Information given:
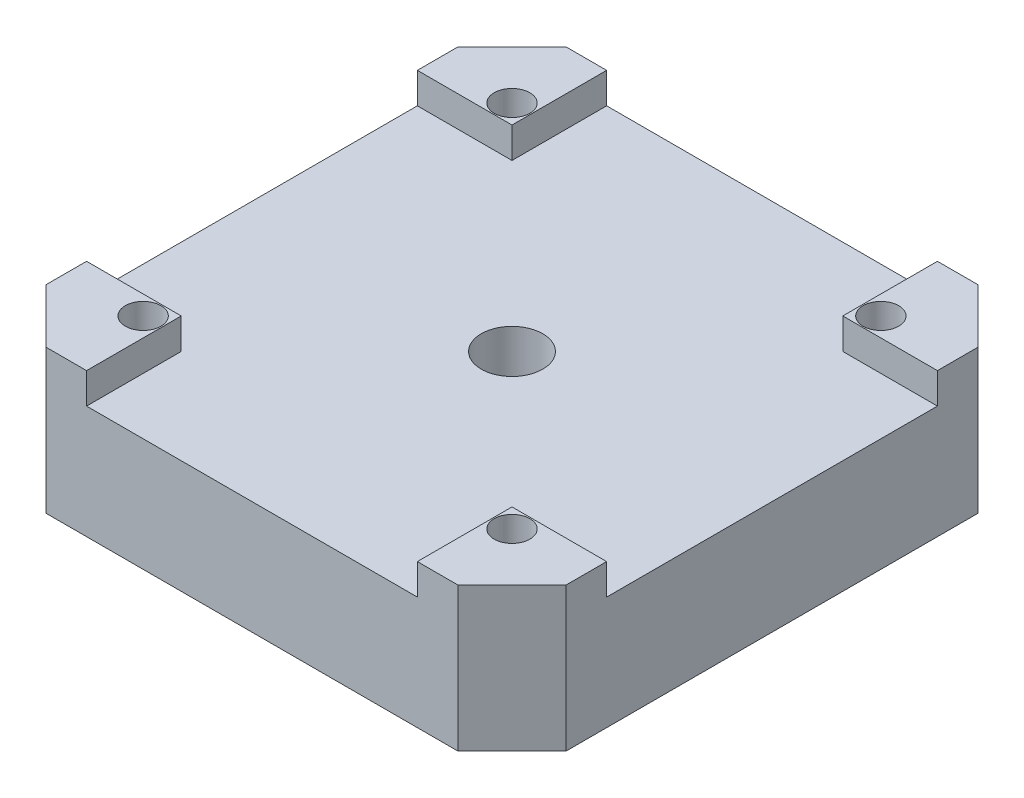
ISO-10303-21;
HEADER;
FILE_DESCRIPTION(('STEP AP214'),'2;1');
FILE_NAME('part.step','',(''),(''),'','','');
FILE_SCHEMA(('AUTOMOTIVE_DESIGN { 1 0 10303 214 1 1 1 1 }'));
ENDSEC;
DATA;
#1=APPLICATION_CONTEXT('core data for automotive mechanical design processes');
#2=APPLICATION_PROTOCOL_DEFINITION('international standard','automotive_design',2000,#1);
#3=PRODUCT_CONTEXT('',#1,'mechanical');
#4=PRODUCT('Part','Part','',(#3));
#5=PRODUCT_RELATED_PRODUCT_CATEGORY('part','',(#4));
#6=PRODUCT_DEFINITION_FORMATION('','',#4);
#7=PRODUCT_DEFINITION_CONTEXT('part definition',#1,'design');
#8=PRODUCT_DEFINITION('design','',#6,#7);
#9=PRODUCT_DEFINITION_SHAPE('','',#8);
#10=(LENGTH_UNIT() NAMED_UNIT(*) SI_UNIT(.MILLI.,.METRE.));
#11=(NAMED_UNIT(*) PLANE_ANGLE_UNIT() SI_UNIT($,.RADIAN.));
#12=(NAMED_UNIT(*) SI_UNIT($,.STERADIAN.) SOLID_ANGLE_UNIT());
#13=UNCERTAINTY_MEASURE_WITH_UNIT(LENGTH_MEASURE(1.E-05),#10,'distance_accuracy_value','');
#14=(GEOMETRIC_REPRESENTATION_CONTEXT(3) GLOBAL_UNCERTAINTY_ASSIGNED_CONTEXT((#13)) GLOBAL_UNIT_ASSIGNED_CONTEXT((#10,
#11,#12)) REPRESENTATION_CONTEXT('',''));
#15=CARTESIAN_POINT('',(0.,0.,0.));
#16=DIRECTION('',(0.,0.,1.));
#17=DIRECTION('',(1.,0.,0.));
#18=AXIS2_PLACEMENT_3D('',#15,#16,#17);
#19=CARTESIAN_POINT('',(0.,11.7,0.));
#20=DIRECTION('',(0.,-1.,0.));
#21=DIRECTION('',(0.,0.,-1.));
#22=AXIS2_PLACEMENT_3D('',#19,#20,#21);
#23=PLANE('',#22);
#24=CARTESIAN_POINT('',(15.,11.7,-15.));
#25=DIRECTION('',(0.,-1.,0.));
#26=DIRECTION('',(0.,0.,-1.));
#27=AXIS2_PLACEMENT_3D('',#24,#25,#26);
#28=CIRCLE('',#27,1.45);
#29=CARTESIAN_POINT('',(15.,11.7,-16.45));
#30=VERTEX_POINT('',#29);
#31=EDGE_CURVE('E362',#30,#30,#28,.T.);
#32=ORIENTED_EDGE('',*,*,#31,.T.);
#33=EDGE_LOOP('',(#32));
#34=FACE_BOUND('',#33,.T.);
#35=DIRECTION('',(-1.,0.,0.));
#36=VECTOR('',#35,1.);
#37=CARTESIAN_POINT('',(-16.750923471599,11.7,-21.15));
#38=LINE('',#37,#36);
#39=CARTESIAN_POINT('',(16.750923471599,11.7,-21.15));
#40=VERTEX_POINT('',#39);
#41=CARTESIAN_POINT('',(13.450923471599,11.7,-21.15));
#42=VERTEX_POINT('',#41);
#43=EDGE_CURVE('E191',#40,#42,#38,.T.);
#44=ORIENTED_EDGE('',*,*,#43,.T.);
#45=DIRECTION('',(0.,0.,1.));
#46=VECTOR('',#45,1.);
#47=CARTESIAN_POINT('',(13.450923471599,11.7,-21.15));
#48=LINE('',#47,#46);
#49=CARTESIAN_POINT('',(13.450923471599,11.7,-13.4509234715989));
#50=VERTEX_POINT('',#49);
#51=EDGE_CURVE('E299',#42,#50,#48,.T.);
#52=ORIENTED_EDGE('',*,*,#51,.T.);
#53=DIRECTION('',(1.,0.,0.));
#54=VECTOR('',#53,1.);
#55=CARTESIAN_POINT('',(-21.15,11.7,-13.4509234715989));
#56=LINE('',#55,#54);
#57=CARTESIAN_POINT('',(21.15,11.7,-13.4509234715989));
#58=VERTEX_POINT('',#57);
#59=EDGE_CURVE('E285',#50,#58,#56,.T.);
#60=ORIENTED_EDGE('',*,*,#59,.T.);
#61=DIRECTION('',(0.,0.,-1.));
#62=VECTOR('',#61,1.);
#63=CARTESIAN_POINT('',(21.15,11.7,16.7509234715989));
#64=LINE('',#63,#62);
#65=CARTESIAN_POINT('',(21.15,11.7,-16.7509234715989));
#66=VERTEX_POINT('',#65);
#67=EDGE_CURVE('E273',#58,#66,#64,.T.);
#68=ORIENTED_EDGE('',*,*,#67,.T.);
#69=DIRECTION('',(-0.707106781186542,0.,-0.707106781186553));
#70=VECTOR('',#69,1.);
#71=CARTESIAN_POINT('',(16.750923471599,11.7,-21.15));
#72=LINE('',#71,#70);
#73=EDGE_CURVE('E192',#66,#40,#72,.T.);
#74=ORIENTED_EDGE('',*,*,#73,.T.);
#75=EDGE_LOOP('',(#44,#52,#60,#68,#74));
#76=FACE_BOUND('',#75,.T.);
#77=ADVANCED_FACE('F32',(#34,#76),#23,.F.);
#78=CARTESIAN_POINT('',(15.,11.7,15.));
#79=DIRECTION('',(0.,-1.,0.));
#80=DIRECTION('',(0.,0.,-1.));
#81=AXIS2_PLACEMENT_3D('',#78,#79,#80);
#82=CIRCLE('',#81,1.45);
#83=CARTESIAN_POINT('',(15.,11.7,13.55));
#84=VERTEX_POINT('',#83);
#85=EDGE_CURVE('E374',#84,#84,#82,.T.);
#86=ORIENTED_EDGE('',*,*,#85,.T.);
#87=EDGE_LOOP('',(#86));
#88=FACE_BOUND('',#87,.T.);
#89=DIRECTION('',(1.,0.,0.));
#90=VECTOR('',#89,1.);
#91=CARTESIAN_POINT('',(-21.15,11.7,13.4509234715989));
#92=LINE('',#91,#90);
#93=CARTESIAN_POINT('',(13.450923471599,11.7,13.4509234715989));
#94=VERTEX_POINT('',#93);
#95=CARTESIAN_POINT('',(21.15,11.7,13.4509234715989));
#96=VERTEX_POINT('',#95);
#97=EDGE_CURVE('E263',#94,#96,#92,.T.);
#98=ORIENTED_EDGE('',*,*,#97,.F.);
#99=CARTESIAN_POINT('',(13.450923471599,11.7,21.15));
#100=VERTEX_POINT('',#99);
#101=EDGE_CURVE('E302',#94,#100,#48,.T.);
#102=ORIENTED_EDGE('',*,*,#101,.T.);
#103=DIRECTION('',(1.,0.,0.));
#104=VECTOR('',#103,1.);
#105=CARTESIAN_POINT('',(-16.750923471599,11.7,21.15));
#106=LINE('',#105,#104);
#107=CARTESIAN_POINT('',(16.750923471599,11.7,21.15));
#108=VERTEX_POINT('',#107);
#109=EDGE_CURVE('E268',#100,#108,#106,.T.);
#110=ORIENTED_EDGE('',*,*,#109,.T.);
#111=DIRECTION('',(0.707106781186546,0.,-0.707106781186549));
#112=VECTOR('',#111,1.);
#113=CARTESIAN_POINT('',(16.750923471599,11.7,21.15));
#114=LINE('',#113,#112);
#115=CARTESIAN_POINT('',(21.15,11.7,16.7509234715989));
#116=VERTEX_POINT('',#115);
#117=EDGE_CURVE('E272',#108,#116,#114,.T.);
#118=ORIENTED_EDGE('',*,*,#117,.T.);
#119=EDGE_CURVE('E196',#116,#96,#64,.T.);
#120=ORIENTED_EDGE('',*,*,#119,.T.);
#121=EDGE_LOOP('',(#98,#102,#110,#118,#120));
#122=FACE_BOUND('',#121,.T.);
#123=ADVANCED_FACE('F435',(#88,#122),#23,.F.);
#124=CARTESIAN_POINT('',(-21.15,9.2,-13.4509234715989));
#125=DIRECTION('',(0.,0.,-1.));
#126=DIRECTION('',(-1.,0.,0.));
#127=AXIS2_PLACEMENT_3D('',#124,#125,#126);
#128=PLANE('',#127);
#129=ORIENTED_EDGE('',*,*,#59,.F.);
#130=DIRECTION('',(0.,-1.,0.));
#131=VECTOR('',#130,1.);
#132=CARTESIAN_POINT('',(13.450923471599,9.20000000000002,-13.4509234715989));
#133=LINE('',#132,#131);
#134=CARTESIAN_POINT('',(13.450923471599,9.2,-13.4509234715989));
#135=VERTEX_POINT('',#134);
#136=EDGE_CURVE('E307',#50,#135,#133,.T.);
#137=ORIENTED_EDGE('',*,*,#136,.T.);
#138=DIRECTION('',(1.,0.,0.));
#139=VECTOR('',#138,1.);
#140=CARTESIAN_POINT('',(-21.15,9.2,-13.4509234715989));
#141=LINE('',#140,#139);
#142=CARTESIAN_POINT('',(21.15,9.2,-13.4509234715989));
#143=VERTEX_POINT('',#142);
#144=EDGE_CURVE('E255',#135,#143,#141,.T.);
#145=ORIENTED_EDGE('',*,*,#144,.T.);
#146=DIRECTION('',(0.,1.,0.));
#147=VECTOR('',#146,1.);
#148=CARTESIAN_POINT('',(21.15,9.2,-13.4509234715989));
#149=LINE('',#148,#147);
#150=EDGE_CURVE('E309',#143,#58,#149,.T.);
#151=ORIENTED_EDGE('',*,*,#150,.T.);
#152=EDGE_LOOP('',(#129,#137,#145,#151));
#153=FACE_BOUND('',#152,.T.);
#154=ADVANCED_FACE('F306',(#153),#128,.F.);
#155=CARTESIAN_POINT('',(-21.15,11.7,13.4509234715989));
#156=DIRECTION('',(0.,0.,1.));
#157=DIRECTION('',(1.,0.,0.));
#158=AXIS2_PLACEMENT_3D('',#155,#156,#157);
#159=PLANE('',#158);
#160=DIRECTION('',(1.,0.,0.));
#161=VECTOR('',#160,1.);
#162=CARTESIAN_POINT('',(-21.15,9.2,13.4509234715989));
#163=LINE('',#162,#161);
#164=CARTESIAN_POINT('',(13.450923471599,9.2,13.4509234715989));
#165=VERTEX_POINT('',#164);
#166=CARTESIAN_POINT('',(21.15,9.2,13.4509234715989));
#167=VERTEX_POINT('',#166);
#168=EDGE_CURVE('E256',#165,#167,#163,.T.);
#169=ORIENTED_EDGE('',*,*,#168,.F.);
#170=DIRECTION('',(0.,1.,0.));
#171=VECTOR('',#170,1.);
#172=CARTESIAN_POINT('',(13.450923471599,11.7,13.4509234715989));
#173=LINE('',#172,#171);
#174=EDGE_CURVE('E11',#165,#94,#173,.T.);
#175=ORIENTED_EDGE('',*,*,#174,.T.);
#176=ORIENTED_EDGE('',*,*,#97,.T.);
#177=DIRECTION('',(0.,-1.,0.));
#178=VECTOR('',#177,1.);
#179=CARTESIAN_POINT('',(21.15,11.7,13.4509234715989));
#180=LINE('',#179,#178);
#181=EDGE_CURVE('E317',#96,#167,#180,.T.);
#182=ORIENTED_EDGE('',*,*,#181,.T.);
#183=EDGE_LOOP('',(#169,#175,#176,#182));
#184=FACE_BOUND('',#183,.T.);
#185=ADVANCED_FACE('F445',(#184),#159,.F.);
#186=CARTESIAN_POINT('',(-15.,11.7,-15.));
#187=DIRECTION('',(0.,-1.,0.));
#188=DIRECTION('',(0.,0.,-1.));
#189=AXIS2_PLACEMENT_3D('',#186,#187,#188);
#190=CIRCLE('',#189,1.45);
#191=CARTESIAN_POINT('',(-15.,11.7,-16.45));
#192=VERTEX_POINT('',#191);
#193=EDGE_CURVE('E350',#192,#192,#190,.T.);
#194=ORIENTED_EDGE('',*,*,#193,.T.);
#195=EDGE_LOOP('',(#194));
#196=FACE_BOUND('',#195,.T.);
#197=CARTESIAN_POINT('',(-21.15,11.7,-13.4509234715989));
#198=VERTEX_POINT('',#197);
#199=CARTESIAN_POINT('',(-13.450923471599,11.7,-13.4509234715989));
#200=VERTEX_POINT('',#199);
#201=EDGE_CURVE('E184',#198,#200,#56,.T.);
#202=ORIENTED_EDGE('',*,*,#201,.T.);
#203=DIRECTION('',(0.,0.,1.));
#204=VECTOR('',#203,1.);
#205=CARTESIAN_POINT('',(-13.450923471599,11.7,-21.15));
#206=LINE('',#205,#204);
#207=CARTESIAN_POINT('',(-13.450923471599,11.7,-21.15));
#208=VERTEX_POINT('',#207);
#209=EDGE_CURVE('E47',#208,#200,#206,.T.);
#210=ORIENTED_EDGE('',*,*,#209,.F.);
#211=CARTESIAN_POINT('',(-16.750923471599,11.7,-21.15));
#212=VERTEX_POINT('',#211);
#213=EDGE_CURVE('E181',#208,#212,#38,.T.);
#214=ORIENTED_EDGE('',*,*,#213,.T.);
#215=DIRECTION('',(-0.707106781186546,0.,0.707106781186549));
#216=VECTOR('',#215,1.);
#217=CARTESIAN_POINT('',(-21.15,11.7,-16.7509234715989));
#218=LINE('',#217,#216);
#219=CARTESIAN_POINT('',(-21.15,11.7,-16.7509234715989));
#220=VERTEX_POINT('',#219);
#221=EDGE_CURVE('E195',#212,#220,#218,.T.);
#222=ORIENTED_EDGE('',*,*,#221,.T.);
#223=DIRECTION('',(0.,0.,1.));
#224=VECTOR('',#223,1.);
#225=CARTESIAN_POINT('',(-21.15,11.7,16.7509234715989));
#226=LINE('',#225,#224);
#227=EDGE_CURVE('E264',#220,#198,#226,.T.);
#228=ORIENTED_EDGE('',*,*,#227,.T.);
#229=EDGE_LOOP('',(#202,#210,#214,#222,#228));
#230=FACE_BOUND('',#229,.T.);
#231=ADVANCED_FACE('F180',(#196,#230),#23,.F.);
#232=CARTESIAN_POINT('',(-21.15,11.7,16.7509234715989));
#233=DIRECTION('',(1.,0.,0.));
#234=DIRECTION('',(0.,0.,-1.));
#235=AXIS2_PLACEMENT_3D('',#232,#233,#234);
#236=PLANE('',#235);
#237=DIRECTION('',(0.,0.,-1.));
#238=VECTOR('',#237,1.);
#239=CARTESIAN_POINT('',(-21.15,9.2,13.4509234715989));
#240=LINE('',#239,#238);
#241=CARTESIAN_POINT('',(-21.15,9.2,13.4509234715989));
#242=VERTEX_POINT('',#241);
#243=CARTESIAN_POINT('',(-21.15,9.2,-13.4509234715989));
#244=VERTEX_POINT('',#243);
#245=EDGE_CURVE('E253',#242,#244,#240,.T.);
#246=ORIENTED_EDGE('',*,*,#245,.T.);
#247=DIRECTION('',(0.,1.,0.));
#248=VECTOR('',#247,1.);
#249=CARTESIAN_POINT('',(-21.15,9.2,-13.4509234715989));
#250=LINE('',#249,#248);
#251=EDGE_CURVE('E320',#244,#198,#250,.T.);
#252=ORIENTED_EDGE('',*,*,#251,.T.);
#253=ORIENTED_EDGE('',*,*,#227,.F.);
#254=DIRECTION('',(0.,-1.,0.));
#255=VECTOR('',#254,1.);
#256=CARTESIAN_POINT('',(-21.15,11.7,-16.7509234715989));
#257=LINE('',#256,#255);
#258=CARTESIAN_POINT('',(-21.15,0.,-16.7509234715989));
#259=VERTEX_POINT('',#258);
#260=EDGE_CURVE('E201',#220,#259,#257,.T.);
#261=ORIENTED_EDGE('',*,*,#260,.T.);
#262=DIRECTION('',(0.,0.,1.));
#263=VECTOR('',#262,1.);
#264=CARTESIAN_POINT('',(-21.15,0.,16.7509234715989));
#265=LINE('',#264,#263);
#266=CARTESIAN_POINT('',(-21.15,0.,16.7509234715989));
#267=VERTEX_POINT('',#266);
#268=EDGE_CURVE('E202',#259,#267,#265,.T.);
#269=ORIENTED_EDGE('',*,*,#268,.T.);
#270=DIRECTION('',(0.,-1.,0.));
#271=VECTOR('',#270,1.);
#272=CARTESIAN_POINT('',(-21.15,11.7,16.7509234715989));
#273=LINE('',#272,#271);
#274=CARTESIAN_POINT('',(-21.15,11.7,16.7509234715989));
#275=VERTEX_POINT('',#274);
#276=EDGE_CURVE('E238',#275,#267,#273,.T.);
#277=ORIENTED_EDGE('',*,*,#276,.F.);
#278=CARTESIAN_POINT('',(-21.15,11.7,13.4509234715989));
#279=VERTEX_POINT('',#278);
#280=EDGE_CURVE('E219',#279,#275,#226,.T.);
#281=ORIENTED_EDGE('',*,*,#280,.F.);
#282=DIRECTION('',(0.,-1.,0.));
#283=VECTOR('',#282,1.);
#284=CARTESIAN_POINT('',(-21.15,11.7,13.4509234715989));
#285=LINE('',#284,#283);
#286=EDGE_CURVE('E313',#279,#242,#285,.T.);
#287=ORIENTED_EDGE('',*,*,#286,.T.);
#288=EDGE_LOOP('',(#246,#252,#253,#261,#269,#277,#281,#287));
#289=FACE_BOUND('',#288,.T.);
#290=ADVANCED_FACE('F34',(#289),#236,.F.);
#291=CARTESIAN_POINT('',(-21.15,11.7,16.7509234715989));
#292=DIRECTION('',(0.707106781186553,0.,-0.707106781186542));
#293=DIRECTION('',(-0.707106781186542,0.,-0.707106781186553));
#294=AXIS2_PLACEMENT_3D('',#291,#292,#293);
#295=PLANE('',#294);
#296=DIRECTION('',(0.707106781186542,0.,0.707106781186553));
#297=VECTOR('',#296,1.);
#298=CARTESIAN_POINT('',(-21.15,0.,16.7509234715989));
#299=LINE('',#298,#297);
#300=CARTESIAN_POINT('',(-16.750923471599,0.,21.15));
#301=VERTEX_POINT('',#300);
#302=EDGE_CURVE('E205',#267,#301,#299,.T.);
#303=ORIENTED_EDGE('',*,*,#302,.T.);
#304=DIRECTION('',(0.,-1.,0.));
#305=VECTOR('',#304,1.);
#306=CARTESIAN_POINT('',(-16.750923471599,11.7,21.15));
#307=LINE('',#306,#305);
#308=CARTESIAN_POINT('',(-16.750923471599,11.7,21.15));
#309=VERTEX_POINT('',#308);
#310=EDGE_CURVE('E235',#309,#301,#307,.T.);
#311=ORIENTED_EDGE('',*,*,#310,.F.);
#312=DIRECTION('',(0.707106781186542,0.,0.707106781186553));
#313=VECTOR('',#312,1.);
#314=CARTESIAN_POINT('',(-21.15,11.7,16.7509234715989));
#315=LINE('',#314,#313);
#316=EDGE_CURVE('E266',#275,#309,#315,.T.);
#317=ORIENTED_EDGE('',*,*,#316,.F.);
#318=ORIENTED_EDGE('',*,*,#276,.T.);
#319=EDGE_LOOP('',(#303,#311,#317,#318));
#320=FACE_BOUND('',#319,.T.);
#321=ADVANCED_FACE('F718',(#320),#295,.F.);
#322=CARTESIAN_POINT('',(-16.750923471599,11.7,21.15));
#323=DIRECTION('',(0.,0.,-1.));
#324=DIRECTION('',(-1.,0.,0.));
#325=AXIS2_PLACEMENT_3D('',#322,#323,#324);
#326=PLANE('',#325);
#327=ORIENTED_EDGE('',*,*,#109,.F.);
#328=DIRECTION('',(0.,1.,0.));
#329=VECTOR('',#328,1.);
#330=CARTESIAN_POINT('',(13.450923471599,9.2,21.15));
#331=LINE('',#330,#329);
#332=CARTESIAN_POINT('',(13.450923471599,9.2,21.15));
#333=VERTEX_POINT('',#332);
#334=EDGE_CURVE('E176',#333,#100,#331,.T.);
#335=ORIENTED_EDGE('',*,*,#334,.F.);
#336=DIRECTION('',(1.,0.,0.));
#337=VECTOR('',#336,1.);
#338=CARTESIAN_POINT('',(-13.450923471599,9.2,21.15));
#339=LINE('',#338,#337);
#340=CARTESIAN_POINT('',(-13.450923471599,9.2,21.15));
#341=VERTEX_POINT('',#340);
#342=EDGE_CURVE('E332',#341,#333,#339,.T.);
#343=ORIENTED_EDGE('',*,*,#342,.F.);
#344=DIRECTION('',(0.,-1.,0.));
#345=VECTOR('',#344,1.);
#346=CARTESIAN_POINT('',(-13.450923471599,11.7,21.15));
#347=LINE('',#346,#345);
#348=CARTESIAN_POINT('',(-13.450923471599,11.7,21.15));
#349=VERTEX_POINT('',#348);
#350=EDGE_CURVE('E334',#349,#341,#347,.T.);
#351=ORIENTED_EDGE('',*,*,#350,.F.);
#352=EDGE_CURVE('E269',#309,#349,#106,.T.);
#353=ORIENTED_EDGE('',*,*,#352,.F.);
#354=ORIENTED_EDGE('',*,*,#310,.T.);
#355=DIRECTION('',(1.,0.,0.));
#356=VECTOR('',#355,1.);
#357=CARTESIAN_POINT('',(-16.750923471599,0.,21.15));
#358=LINE('',#357,#356);
#359=CARTESIAN_POINT('',(16.750923471599,0.,21.15));
#360=VERTEX_POINT('',#359);
#361=EDGE_CURVE('E207',#301,#360,#358,.T.);
#362=ORIENTED_EDGE('',*,*,#361,.T.);
#363=DIRECTION('',(0.,-1.,0.));
#364=VECTOR('',#363,1.);
#365=CARTESIAN_POINT('',(16.750923471599,11.7,21.15));
#366=LINE('',#365,#364);
#367=EDGE_CURVE('E232',#108,#360,#366,.T.);
#368=ORIENTED_EDGE('',*,*,#367,.F.);
#369=EDGE_LOOP('',(#327,#335,#343,#351,#353,#354,#362,#368));
#370=FACE_BOUND('',#369,.T.);
#371=ADVANCED_FACE('F737',(#370),#326,.F.);
#372=CARTESIAN_POINT('',(16.750923471599,11.7,21.15));
#373=DIRECTION('',(-0.707106781186549,0.,-0.707106781186546));
#374=DIRECTION('',(-0.707106781186546,0.,0.707106781186549));
#375=AXIS2_PLACEMENT_3D('',#372,#373,#374);
#376=PLANE('',#375);
#377=DIRECTION('',(0.707106781186546,0.,-0.707106781186549));
#378=VECTOR('',#377,1.);
#379=CARTESIAN_POINT('',(16.750923471599,0.,21.15));
#380=LINE('',#379,#378);
#381=CARTESIAN_POINT('',(21.15,0.,16.7509234715989));
#382=VERTEX_POINT('',#381);
#383=EDGE_CURVE('E209',#360,#382,#380,.T.);
#384=ORIENTED_EDGE('',*,*,#383,.T.);
#385=DIRECTION('',(0.,-1.,0.));
#386=VECTOR('',#385,1.);
#387=CARTESIAN_POINT('',(21.15,11.7,16.7509234715989));
#388=LINE('',#387,#386);
#389=EDGE_CURVE('E229',#116,#382,#388,.T.);
#390=ORIENTED_EDGE('',*,*,#389,.F.);
#391=ORIENTED_EDGE('',*,*,#117,.F.);
#392=ORIENTED_EDGE('',*,*,#367,.T.);
#393=EDGE_LOOP('',(#384,#390,#391,#392));
#394=FACE_BOUND('',#393,.T.);
#395=ADVANCED_FACE('F707',(#394),#376,.F.);
#396=CARTESIAN_POINT('',(21.15,11.7,16.7509234715989));
#397=DIRECTION('',(-1.,0.,0.));
#398=DIRECTION('',(0.,0.,1.));
#399=AXIS2_PLACEMENT_3D('',#396,#397,#398);
#400=PLANE('',#399);
#401=ORIENTED_EDGE('',*,*,#67,.F.);
#402=ORIENTED_EDGE('',*,*,#150,.F.);
#403=DIRECTION('',(0.,0.,-1.));
#404=VECTOR('',#403,1.);
#405=CARTESIAN_POINT('',(21.15,9.2,13.4509234715989));
#406=LINE('',#405,#404);
#407=EDGE_CURVE('E314',#167,#143,#406,.T.);
#408=ORIENTED_EDGE('',*,*,#407,.F.);
#409=ORIENTED_EDGE('',*,*,#181,.F.);
#410=ORIENTED_EDGE('',*,*,#119,.F.);
#411=ORIENTED_EDGE('',*,*,#389,.T.);
#412=DIRECTION('',(0.,0.,-1.));
#413=VECTOR('',#412,1.);
#414=CARTESIAN_POINT('',(21.15,0.,16.7509234715989));
#415=LINE('',#414,#413);
#416=CARTESIAN_POINT('',(21.15,0.,-16.7509234715989));
#417=VERTEX_POINT('',#416);
#418=EDGE_CURVE('E211',#382,#417,#415,.T.);
#419=ORIENTED_EDGE('',*,*,#418,.T.);
#420=DIRECTION('',(0.,-1.,0.));
#421=VECTOR('',#420,1.);
#422=CARTESIAN_POINT('',(21.15,11.7,-16.7509234715989));
#423=LINE('',#422,#421);
#424=EDGE_CURVE('E226',#66,#417,#423,.T.);
#425=ORIENTED_EDGE('',*,*,#424,.F.);
#426=EDGE_LOOP('',(#401,#402,#408,#409,#410,#411,#419,#425));
#427=FACE_BOUND('',#426,.T.);
#428=ADVANCED_FACE('F289',(#427),#400,.F.);
#429=CARTESIAN_POINT('',(16.750923471599,11.7,-21.15));
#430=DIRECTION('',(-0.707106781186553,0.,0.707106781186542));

Exercise prompt: Among the entries above, the line containing "#46=VECTOR('',#45,1.);", the line containing "#93=CARTESIAN_POINT('',(13.450923471599,11.7,13.4509234715989));", and all lines between them are to be restated word for word; nothing else belongs in the reply.

Exercise result:
#46=VECTOR('',#45,1.);
#47=CARTESIAN_POINT('',(13.450923471599,11.7,-21.15));
#48=LINE('',#47,#46);
#49=CARTESIAN_POINT('',(13.450923471599,11.7,-13.4509234715989));
#50=VERTEX_POINT('',#49);
#51=EDGE_CURVE('E299',#42,#50,#48,.T.);
#52=ORIENTED_EDGE('',*,*,#51,.T.);
#53=DIRECTION('',(1.,0.,0.));
#54=VECTOR('',#53,1.);
#55=CARTESIAN_POINT('',(-21.15,11.7,-13.4509234715989));
#56=LINE('',#55,#54);
#57=CARTESIAN_POINT('',(21.15,11.7,-13.4509234715989));
#58=VERTEX_POINT('',#57);
#59=EDGE_CURVE('E285',#50,#58,#56,.T.);
#60=ORIENTED_EDGE('',*,*,#59,.T.);
#61=DIRECTION('',(0.,0.,-1.));
#62=VECTOR('',#61,1.);
#63=CARTESIAN_POINT('',(21.15,11.7,16.7509234715989));
#64=LINE('',#63,#62);
#65=CARTESIAN_POINT('',(21.15,11.7,-16.7509234715989));
#66=VERTEX_POINT('',#65);
#67=EDGE_CURVE('E273',#58,#66,#64,.T.);
#68=ORIENTED_EDGE('',*,*,#67,.T.);
#69=DIRECTION('',(-0.707106781186542,0.,-0.707106781186553));
#70=VECTOR('',#69,1.);
#71=CARTESIAN_POINT('',(16.750923471599,11.7,-21.15));
#72=LINE('',#71,#70);
#73=EDGE_CURVE('E192',#66,#40,#72,.T.);
#74=ORIENTED_EDGE('',*,*,#73,.T.);
#75=EDGE_LOOP('',(#44,#52,#60,#68,#74));
#76=FACE_BOUND('',#75,.T.);
#77=ADVANCED_FACE('F32',(#34,#76),#23,.F.);
#78=CARTESIAN_POINT('',(15.,11.7,15.));
#79=DIRECTION('',(0.,-1.,0.));
#80=DIRECTION('',(0.,0.,-1.));
#81=AXIS2_PLACEMENT_3D('',#78,#79,#80);
#82=CIRCLE('',#81,1.45);
#83=CARTESIAN_POINT('',(15.,11.7,13.55));
#84=VERTEX_POINT('',#83);
#85=EDGE_CURVE('E374',#84,#84,#82,.T.);
#86=ORIENTED_EDGE('',*,*,#85,.T.);
#87=EDGE_LOOP('',(#86));
#88=FACE_BOUND('',#87,.T.);
#89=DIRECTION('',(1.,0.,0.));
#90=VECTOR('',#89,1.);
#91=CARTESIAN_POINT('',(-21.15,11.7,13.4509234715989));
#92=LINE('',#91,#90);
#93=CARTESIAN_POINT('',(13.450923471599,11.7,13.4509234715989));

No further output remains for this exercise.